The other elephants in this Smart Grid room identified by the judges and the teams playing out their roles included China’s concern about its own security in preventing others hacking the country’s system, as it hires Western firms who have the technological prowess to build out the Smart Grid. Another elephant that Western companies have underestimated is capacity. The grid needs to add enormous transmission capacity at the breakneck pace China will demand. China’s acceptance or nonparticipation in carbon pricing will also speed or slow down the expansion of the power grid.
“With a potential annual value of approximately US$20 billion over the next five years, the onset of the Smart Grid initiative in the PRC represents one of the largest, most strategically important global business opportunities for the coming decades,” commented Denis Simon, professor of International Affairs at the School of International Affairs, Penn State University and senior China advisor to Fuld & Company. “Not only will the Smart Grid project define a potentially new, transformational economic trajectory for China in the energy field, but it also may serve as a catalyst for changing the rules of the road in terms of the way firms compete and cooperate across the global commercial landscape.”
All four teams worked hard to identify how the firms they represented in the War Game could add enough value to the Smart Grid initiative in China to earn profits for their companies. They recognized the need to enter into strong partnerships with Chinese and potentially other Western firms in order to bring a successful package of products and/or services to the table.

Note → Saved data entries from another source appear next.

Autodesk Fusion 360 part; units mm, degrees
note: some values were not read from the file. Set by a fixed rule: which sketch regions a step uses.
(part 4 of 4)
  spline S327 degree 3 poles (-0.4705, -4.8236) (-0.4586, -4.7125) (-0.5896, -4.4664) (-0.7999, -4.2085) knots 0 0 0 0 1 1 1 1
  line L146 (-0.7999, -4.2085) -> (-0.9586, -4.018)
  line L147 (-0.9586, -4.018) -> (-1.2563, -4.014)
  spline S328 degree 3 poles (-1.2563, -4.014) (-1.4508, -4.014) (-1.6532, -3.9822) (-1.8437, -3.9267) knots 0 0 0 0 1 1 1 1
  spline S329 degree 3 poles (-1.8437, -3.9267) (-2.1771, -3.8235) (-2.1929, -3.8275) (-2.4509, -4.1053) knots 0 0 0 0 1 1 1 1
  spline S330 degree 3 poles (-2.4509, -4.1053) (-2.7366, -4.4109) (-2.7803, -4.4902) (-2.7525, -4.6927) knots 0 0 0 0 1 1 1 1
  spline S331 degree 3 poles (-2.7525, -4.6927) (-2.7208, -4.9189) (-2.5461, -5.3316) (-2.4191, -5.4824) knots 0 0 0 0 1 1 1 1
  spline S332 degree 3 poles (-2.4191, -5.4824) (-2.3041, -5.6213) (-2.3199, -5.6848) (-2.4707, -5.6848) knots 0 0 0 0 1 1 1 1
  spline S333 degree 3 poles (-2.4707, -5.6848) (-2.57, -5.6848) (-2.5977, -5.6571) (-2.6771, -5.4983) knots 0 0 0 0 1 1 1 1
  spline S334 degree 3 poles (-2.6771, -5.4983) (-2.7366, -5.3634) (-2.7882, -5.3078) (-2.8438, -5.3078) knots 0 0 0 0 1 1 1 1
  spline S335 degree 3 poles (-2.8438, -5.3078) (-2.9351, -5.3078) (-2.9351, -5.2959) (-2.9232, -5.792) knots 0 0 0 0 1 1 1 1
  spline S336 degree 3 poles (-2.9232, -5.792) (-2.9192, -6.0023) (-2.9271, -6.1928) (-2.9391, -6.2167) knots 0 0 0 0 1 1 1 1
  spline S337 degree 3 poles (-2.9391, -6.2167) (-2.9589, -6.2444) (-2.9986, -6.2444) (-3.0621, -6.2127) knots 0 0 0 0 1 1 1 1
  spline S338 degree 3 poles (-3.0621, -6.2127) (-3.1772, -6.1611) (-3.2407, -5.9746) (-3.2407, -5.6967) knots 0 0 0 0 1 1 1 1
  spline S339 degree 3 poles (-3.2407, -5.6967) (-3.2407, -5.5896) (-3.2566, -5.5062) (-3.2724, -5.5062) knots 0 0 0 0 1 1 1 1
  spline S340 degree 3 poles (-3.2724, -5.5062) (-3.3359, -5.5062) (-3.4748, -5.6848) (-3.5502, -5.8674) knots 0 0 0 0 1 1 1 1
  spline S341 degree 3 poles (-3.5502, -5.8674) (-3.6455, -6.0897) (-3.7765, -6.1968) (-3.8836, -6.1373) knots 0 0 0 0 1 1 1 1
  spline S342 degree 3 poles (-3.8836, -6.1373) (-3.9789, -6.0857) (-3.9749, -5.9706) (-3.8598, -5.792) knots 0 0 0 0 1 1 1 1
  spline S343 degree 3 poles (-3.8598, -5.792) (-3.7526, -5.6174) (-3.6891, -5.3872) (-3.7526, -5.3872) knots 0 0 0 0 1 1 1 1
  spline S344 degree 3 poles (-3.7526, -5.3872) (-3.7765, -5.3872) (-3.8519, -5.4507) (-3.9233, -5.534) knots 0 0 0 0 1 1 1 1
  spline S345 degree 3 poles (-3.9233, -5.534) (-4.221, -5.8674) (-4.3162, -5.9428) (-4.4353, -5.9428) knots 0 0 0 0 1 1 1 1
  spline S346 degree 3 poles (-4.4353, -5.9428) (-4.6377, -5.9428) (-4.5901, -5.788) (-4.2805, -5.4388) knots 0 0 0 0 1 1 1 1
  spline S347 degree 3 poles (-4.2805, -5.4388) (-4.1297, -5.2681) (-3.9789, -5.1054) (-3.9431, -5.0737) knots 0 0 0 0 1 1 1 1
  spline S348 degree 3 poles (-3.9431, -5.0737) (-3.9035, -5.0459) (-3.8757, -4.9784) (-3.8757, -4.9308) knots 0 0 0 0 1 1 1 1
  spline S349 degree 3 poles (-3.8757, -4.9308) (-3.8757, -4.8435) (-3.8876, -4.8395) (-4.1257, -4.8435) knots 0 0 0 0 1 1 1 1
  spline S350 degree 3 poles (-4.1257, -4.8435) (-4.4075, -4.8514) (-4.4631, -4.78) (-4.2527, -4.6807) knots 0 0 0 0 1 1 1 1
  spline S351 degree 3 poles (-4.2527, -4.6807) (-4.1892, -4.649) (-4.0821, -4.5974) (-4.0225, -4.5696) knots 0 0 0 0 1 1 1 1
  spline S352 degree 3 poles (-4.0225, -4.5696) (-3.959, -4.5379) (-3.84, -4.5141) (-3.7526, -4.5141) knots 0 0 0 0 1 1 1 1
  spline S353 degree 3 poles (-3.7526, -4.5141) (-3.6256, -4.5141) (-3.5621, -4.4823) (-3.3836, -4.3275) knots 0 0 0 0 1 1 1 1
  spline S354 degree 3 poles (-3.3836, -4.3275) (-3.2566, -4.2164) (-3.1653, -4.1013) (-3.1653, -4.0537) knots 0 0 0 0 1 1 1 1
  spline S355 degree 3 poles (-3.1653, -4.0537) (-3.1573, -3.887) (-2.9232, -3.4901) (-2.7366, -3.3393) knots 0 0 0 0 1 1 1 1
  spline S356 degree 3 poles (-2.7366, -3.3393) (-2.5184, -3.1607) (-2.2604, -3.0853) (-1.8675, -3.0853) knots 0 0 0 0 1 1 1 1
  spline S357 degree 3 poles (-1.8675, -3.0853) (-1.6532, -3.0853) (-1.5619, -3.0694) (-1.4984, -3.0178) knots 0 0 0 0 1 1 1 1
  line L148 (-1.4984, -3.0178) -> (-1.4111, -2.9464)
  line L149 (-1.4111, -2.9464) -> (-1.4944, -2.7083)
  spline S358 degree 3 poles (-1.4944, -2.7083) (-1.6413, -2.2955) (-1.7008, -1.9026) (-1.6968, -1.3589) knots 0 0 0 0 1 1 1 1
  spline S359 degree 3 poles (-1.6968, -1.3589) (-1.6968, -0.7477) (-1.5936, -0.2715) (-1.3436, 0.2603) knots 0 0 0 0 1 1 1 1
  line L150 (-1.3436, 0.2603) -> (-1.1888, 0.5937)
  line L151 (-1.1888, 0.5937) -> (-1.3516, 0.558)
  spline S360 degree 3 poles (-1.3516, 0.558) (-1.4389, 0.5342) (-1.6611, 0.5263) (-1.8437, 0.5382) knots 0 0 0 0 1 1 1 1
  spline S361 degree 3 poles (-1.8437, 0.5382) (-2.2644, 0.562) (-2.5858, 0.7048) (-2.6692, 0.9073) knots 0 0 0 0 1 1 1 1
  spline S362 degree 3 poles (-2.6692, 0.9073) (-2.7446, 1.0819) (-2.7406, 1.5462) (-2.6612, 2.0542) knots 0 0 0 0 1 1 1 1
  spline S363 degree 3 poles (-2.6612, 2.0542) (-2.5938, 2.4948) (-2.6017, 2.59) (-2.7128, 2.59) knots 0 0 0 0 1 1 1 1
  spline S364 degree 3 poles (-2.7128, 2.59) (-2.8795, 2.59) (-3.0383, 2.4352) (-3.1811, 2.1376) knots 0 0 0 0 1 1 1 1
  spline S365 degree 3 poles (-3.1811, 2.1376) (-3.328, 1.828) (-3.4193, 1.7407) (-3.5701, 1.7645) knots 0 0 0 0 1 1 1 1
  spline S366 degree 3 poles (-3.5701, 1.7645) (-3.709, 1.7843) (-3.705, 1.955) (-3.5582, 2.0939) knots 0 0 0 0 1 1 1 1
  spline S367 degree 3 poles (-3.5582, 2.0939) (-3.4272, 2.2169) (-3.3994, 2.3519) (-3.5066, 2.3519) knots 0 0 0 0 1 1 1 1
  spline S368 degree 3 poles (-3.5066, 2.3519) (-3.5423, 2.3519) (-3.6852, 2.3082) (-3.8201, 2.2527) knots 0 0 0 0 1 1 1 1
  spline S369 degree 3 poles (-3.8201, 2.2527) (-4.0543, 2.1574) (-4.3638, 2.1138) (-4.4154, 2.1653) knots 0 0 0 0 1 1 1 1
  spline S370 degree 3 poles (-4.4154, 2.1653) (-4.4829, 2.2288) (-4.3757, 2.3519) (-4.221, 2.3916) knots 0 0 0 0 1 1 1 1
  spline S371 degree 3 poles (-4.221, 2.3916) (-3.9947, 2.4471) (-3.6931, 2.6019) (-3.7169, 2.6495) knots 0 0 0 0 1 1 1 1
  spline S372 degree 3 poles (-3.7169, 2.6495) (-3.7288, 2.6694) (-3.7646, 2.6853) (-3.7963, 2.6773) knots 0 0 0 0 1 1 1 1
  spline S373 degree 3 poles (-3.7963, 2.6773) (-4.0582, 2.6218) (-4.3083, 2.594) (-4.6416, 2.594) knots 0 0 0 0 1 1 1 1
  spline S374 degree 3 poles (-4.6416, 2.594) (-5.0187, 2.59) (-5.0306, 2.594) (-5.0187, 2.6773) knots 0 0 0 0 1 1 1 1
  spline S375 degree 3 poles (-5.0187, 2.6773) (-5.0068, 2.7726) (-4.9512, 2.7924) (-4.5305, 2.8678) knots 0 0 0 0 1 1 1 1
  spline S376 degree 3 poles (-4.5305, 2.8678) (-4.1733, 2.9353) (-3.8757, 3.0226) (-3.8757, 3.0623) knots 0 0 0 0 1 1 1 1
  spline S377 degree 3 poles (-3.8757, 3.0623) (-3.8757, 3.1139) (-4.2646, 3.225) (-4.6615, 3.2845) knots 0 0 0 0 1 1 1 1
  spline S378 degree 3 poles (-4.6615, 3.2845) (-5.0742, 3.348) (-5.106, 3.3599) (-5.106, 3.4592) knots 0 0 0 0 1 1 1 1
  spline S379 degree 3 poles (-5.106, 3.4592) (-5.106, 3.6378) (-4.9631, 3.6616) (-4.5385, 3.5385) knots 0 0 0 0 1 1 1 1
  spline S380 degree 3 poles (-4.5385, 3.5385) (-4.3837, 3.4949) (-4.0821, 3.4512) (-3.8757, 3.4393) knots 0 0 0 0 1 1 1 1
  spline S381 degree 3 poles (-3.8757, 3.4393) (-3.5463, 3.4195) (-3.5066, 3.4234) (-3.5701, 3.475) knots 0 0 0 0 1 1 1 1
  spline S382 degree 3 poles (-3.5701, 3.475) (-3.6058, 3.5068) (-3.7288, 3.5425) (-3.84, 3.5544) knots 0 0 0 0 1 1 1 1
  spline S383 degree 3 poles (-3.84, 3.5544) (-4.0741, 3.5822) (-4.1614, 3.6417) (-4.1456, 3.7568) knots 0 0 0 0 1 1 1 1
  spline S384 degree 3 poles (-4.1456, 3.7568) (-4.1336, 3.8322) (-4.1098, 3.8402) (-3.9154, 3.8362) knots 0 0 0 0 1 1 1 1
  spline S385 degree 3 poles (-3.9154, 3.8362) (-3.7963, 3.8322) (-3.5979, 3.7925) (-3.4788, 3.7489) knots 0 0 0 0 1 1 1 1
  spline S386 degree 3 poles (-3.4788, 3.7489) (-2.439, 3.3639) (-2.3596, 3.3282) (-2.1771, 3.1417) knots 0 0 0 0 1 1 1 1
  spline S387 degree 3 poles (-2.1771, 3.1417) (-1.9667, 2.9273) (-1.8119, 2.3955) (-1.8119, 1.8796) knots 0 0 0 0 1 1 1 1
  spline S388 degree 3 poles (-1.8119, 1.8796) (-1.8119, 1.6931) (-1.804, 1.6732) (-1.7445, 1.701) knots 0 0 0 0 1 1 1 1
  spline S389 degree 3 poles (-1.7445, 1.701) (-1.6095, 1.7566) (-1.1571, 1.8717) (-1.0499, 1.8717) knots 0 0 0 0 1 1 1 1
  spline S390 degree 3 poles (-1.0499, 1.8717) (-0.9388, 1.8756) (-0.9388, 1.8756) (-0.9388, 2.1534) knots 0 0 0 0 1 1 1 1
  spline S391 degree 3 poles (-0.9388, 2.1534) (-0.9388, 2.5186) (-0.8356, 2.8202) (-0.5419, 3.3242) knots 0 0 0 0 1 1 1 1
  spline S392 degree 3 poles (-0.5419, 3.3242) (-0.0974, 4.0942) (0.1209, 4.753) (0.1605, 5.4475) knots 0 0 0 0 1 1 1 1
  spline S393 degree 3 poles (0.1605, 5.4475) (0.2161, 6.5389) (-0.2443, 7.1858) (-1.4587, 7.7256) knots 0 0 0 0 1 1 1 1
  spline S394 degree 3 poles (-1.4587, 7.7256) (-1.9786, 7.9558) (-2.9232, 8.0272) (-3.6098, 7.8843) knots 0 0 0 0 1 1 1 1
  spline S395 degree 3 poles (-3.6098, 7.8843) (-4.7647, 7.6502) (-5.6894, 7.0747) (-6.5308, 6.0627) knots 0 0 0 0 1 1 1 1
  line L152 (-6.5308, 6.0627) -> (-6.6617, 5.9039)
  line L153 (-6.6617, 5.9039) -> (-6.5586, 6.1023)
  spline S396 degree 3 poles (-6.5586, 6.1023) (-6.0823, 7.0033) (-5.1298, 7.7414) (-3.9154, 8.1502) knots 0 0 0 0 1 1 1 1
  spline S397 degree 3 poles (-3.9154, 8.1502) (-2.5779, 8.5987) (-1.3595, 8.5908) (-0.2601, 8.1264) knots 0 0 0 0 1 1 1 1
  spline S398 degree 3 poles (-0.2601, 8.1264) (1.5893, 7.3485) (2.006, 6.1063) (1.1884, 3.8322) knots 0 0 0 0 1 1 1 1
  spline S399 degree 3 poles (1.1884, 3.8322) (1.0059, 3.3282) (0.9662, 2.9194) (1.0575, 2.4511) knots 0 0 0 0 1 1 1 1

The Annual Strategy War Game National Championship, “The Battle for China’s Smart Grid,” was organized by Fuld & Company (http://www.fuld.com/). IBM, Siemens, GE Energy and Cisco were represented by business students from Northwestern’s Kellogg Graduate School of Management, MIT Sloan School of Management, University of Pennsylvania’s Wharton School, and Yale School of Management. Most of the students have worked in energy, technology and/or in China. Last year, the War Game was on “The Battle for Healthcare Information”. By the way, each of our public war games have made successful marketplace predictions each year.
Why our war game on China’s Smart Grid is as much about geo-politics as it is about technology
This coming month we are running a public war game on The Battle for China’s Smart Grid. We have very quickly seen that this is more than a strategic fight of Western companies for a share of a China mega-infrastructure project. It will likely demonstrate how Western companies can succeed in a very fluid China market – where the opportunity is great the the stakes are high.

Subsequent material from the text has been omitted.